Dataset records

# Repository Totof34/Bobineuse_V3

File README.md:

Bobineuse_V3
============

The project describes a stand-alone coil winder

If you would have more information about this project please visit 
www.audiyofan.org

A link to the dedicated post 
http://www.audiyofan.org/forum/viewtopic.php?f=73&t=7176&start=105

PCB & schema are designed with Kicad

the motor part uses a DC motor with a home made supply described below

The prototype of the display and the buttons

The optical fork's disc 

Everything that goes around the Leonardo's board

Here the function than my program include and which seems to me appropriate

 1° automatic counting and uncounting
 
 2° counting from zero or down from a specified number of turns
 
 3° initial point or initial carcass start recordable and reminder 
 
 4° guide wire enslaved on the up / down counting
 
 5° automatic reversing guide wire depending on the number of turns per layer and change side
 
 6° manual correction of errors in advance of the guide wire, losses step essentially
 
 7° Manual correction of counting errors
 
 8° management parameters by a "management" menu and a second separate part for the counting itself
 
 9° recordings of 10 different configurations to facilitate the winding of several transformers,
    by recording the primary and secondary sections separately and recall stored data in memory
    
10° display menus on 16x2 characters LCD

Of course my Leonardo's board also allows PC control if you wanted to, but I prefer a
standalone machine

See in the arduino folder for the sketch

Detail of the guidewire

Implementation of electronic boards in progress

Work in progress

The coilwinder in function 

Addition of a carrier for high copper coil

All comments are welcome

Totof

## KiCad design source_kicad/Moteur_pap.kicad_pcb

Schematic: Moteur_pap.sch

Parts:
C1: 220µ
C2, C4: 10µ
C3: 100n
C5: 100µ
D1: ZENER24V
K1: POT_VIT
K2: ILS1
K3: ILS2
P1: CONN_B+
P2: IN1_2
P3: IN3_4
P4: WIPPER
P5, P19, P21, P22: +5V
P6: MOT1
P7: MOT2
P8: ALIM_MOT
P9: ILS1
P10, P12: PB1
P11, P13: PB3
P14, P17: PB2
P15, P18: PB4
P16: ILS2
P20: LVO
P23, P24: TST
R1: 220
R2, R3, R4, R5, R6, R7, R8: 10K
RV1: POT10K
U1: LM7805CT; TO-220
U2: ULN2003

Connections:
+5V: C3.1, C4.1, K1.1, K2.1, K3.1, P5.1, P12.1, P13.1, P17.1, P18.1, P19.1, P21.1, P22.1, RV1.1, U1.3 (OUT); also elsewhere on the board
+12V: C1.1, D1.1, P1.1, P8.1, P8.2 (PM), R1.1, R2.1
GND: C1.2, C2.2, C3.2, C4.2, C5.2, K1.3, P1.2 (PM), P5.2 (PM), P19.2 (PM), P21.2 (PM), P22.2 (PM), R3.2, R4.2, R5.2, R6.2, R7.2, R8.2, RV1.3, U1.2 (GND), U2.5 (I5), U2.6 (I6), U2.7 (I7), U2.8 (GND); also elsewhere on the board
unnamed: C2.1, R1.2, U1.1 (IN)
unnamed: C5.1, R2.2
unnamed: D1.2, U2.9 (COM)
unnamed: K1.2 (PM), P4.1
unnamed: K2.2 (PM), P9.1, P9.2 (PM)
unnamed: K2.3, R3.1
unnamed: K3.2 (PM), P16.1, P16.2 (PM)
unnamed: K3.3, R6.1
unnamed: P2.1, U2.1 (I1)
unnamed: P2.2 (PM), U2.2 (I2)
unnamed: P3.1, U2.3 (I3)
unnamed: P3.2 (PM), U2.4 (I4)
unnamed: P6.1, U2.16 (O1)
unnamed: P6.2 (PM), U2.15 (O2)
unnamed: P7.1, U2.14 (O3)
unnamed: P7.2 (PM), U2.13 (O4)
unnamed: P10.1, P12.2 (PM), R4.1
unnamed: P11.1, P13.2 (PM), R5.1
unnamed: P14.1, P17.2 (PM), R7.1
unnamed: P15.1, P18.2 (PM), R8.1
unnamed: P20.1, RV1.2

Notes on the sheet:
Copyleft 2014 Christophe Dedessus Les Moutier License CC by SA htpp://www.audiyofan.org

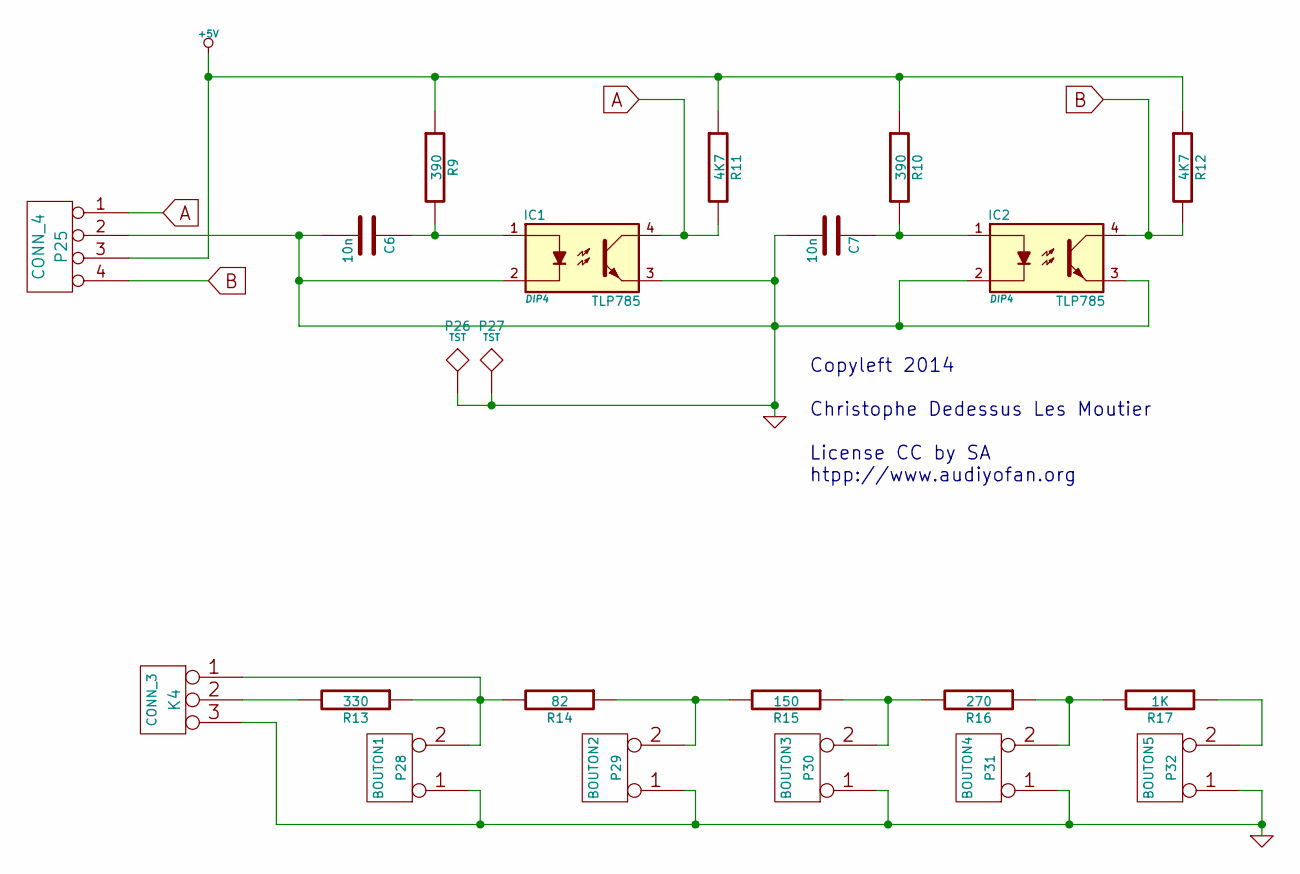
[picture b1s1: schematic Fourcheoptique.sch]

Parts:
C6, C7: 10n
IC1, IC2: TLP785; DIP4
K4: CONN_3
P25: CONN_4
P26, P27: TST
P28: BOUTON1
P29: BOUTON2
P30: BOUTON3
P31: BOUTON4
P32: BOUTON5
R9, R10: 390
R11, R12: 4K7
R13: 330
R14: 82
R15: 150
R16: 270
R17: 1K

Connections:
+5V: P25.3, R9.1, R10.1, R11.1, R12.1; also elsewhere on the board
A: IC1.4, P25.1, R11.2
B: IC2.4, P25.4, R12.2
GND: C6.2, C7.2, IC1.2, IC1.3, IC2.2, IC2.3, K4.3, P25.2, P26.1, P27.1, P28.1, P29.1, P30.1, P31.1, P32.1; also elsewhere on the board
unnamed: C6.1, IC1.1, R9.2
unnamed: C7.1, IC2.1, R10.2
unnamed: K4.1, P28.2 (PM), R13.1, R14.2
unnamed: K4.2 (PM), R13.2
unnamed: P29.2 (PM), R14.1, R15.2
unnamed: P30.2 (PM), R15.1, R16.2
unnamed: P31.2 (PM), R16.1, R17.2
unnamed: P32.2 (PM), R17.1

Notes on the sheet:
Copyleft 2014 Christophe Dedessus Les Moutier License CC by SA htpp://www.audiyofan.org

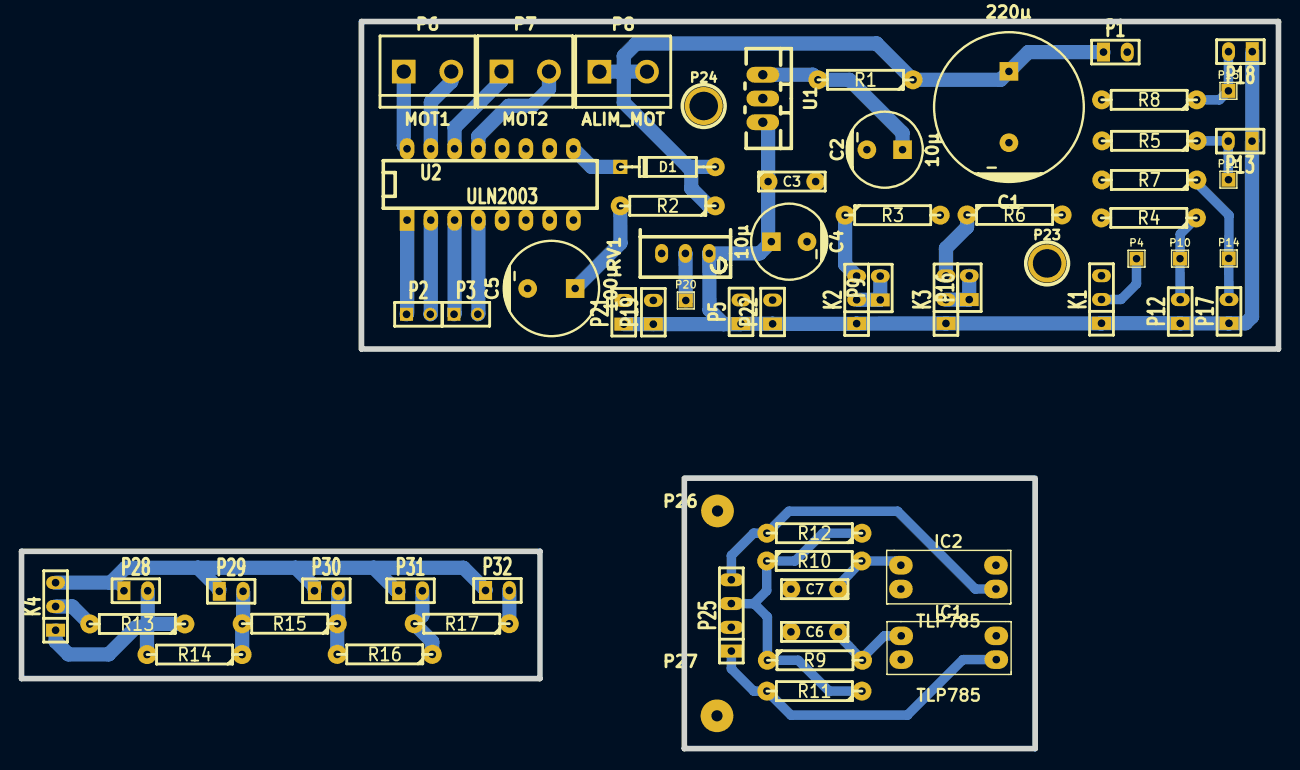
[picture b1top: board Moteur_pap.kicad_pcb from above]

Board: 2 copper layers, 134.3 x 77.7 mm, 66 parts (0 on the bottom side), 34 nets.

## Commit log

2014-04-13 First commit Somme files are added, schématics, pictures, kicad's source files
2014-04-13 Add a picture of the coil winder in README.md
2014-04-13 Schema with the Leonardo board added
2014-04-14 Add a picture of the display and the buttons
2014-04-14 Update the readme file
2014-04-27 Little bug corrected in counter display with negative value
2014-04-27 Front design added with source file in fpl format
2014-04-27 Add a new picture of the work in progress
2014-04-29 Display modified and managing a first point for easy reset
2014-05-01 Added program explanation
2014-05-01 New picture of the guidewire & Fixed a display bug when resetting counter
2014-05-02 Picture of the steppermotror added
2014-05-02 add picture's electronic board
2014-05-03 adding images reconstruction
2014-05-03 Update the README with the work in progress
2014-05-03 add 2 picture of the guidewire
2014-05-05 Add 2 new pictures of the wire reel
2014-05-06 Add the optical fork's disc & source file
2014-05-07 Add new picture of the guidewire & the brake system
2014-05-11 Add picture of the coilwinder in function
2014-05-19 Addition of a carrier for high copper coil

> _Task instructions_
Make a copy of each line in the records above that has the word "point".

> _Output below_
 3° initial point or initial carcass start recordable and reminder 
2014-04-29 Display modified and managing a first point for easy reset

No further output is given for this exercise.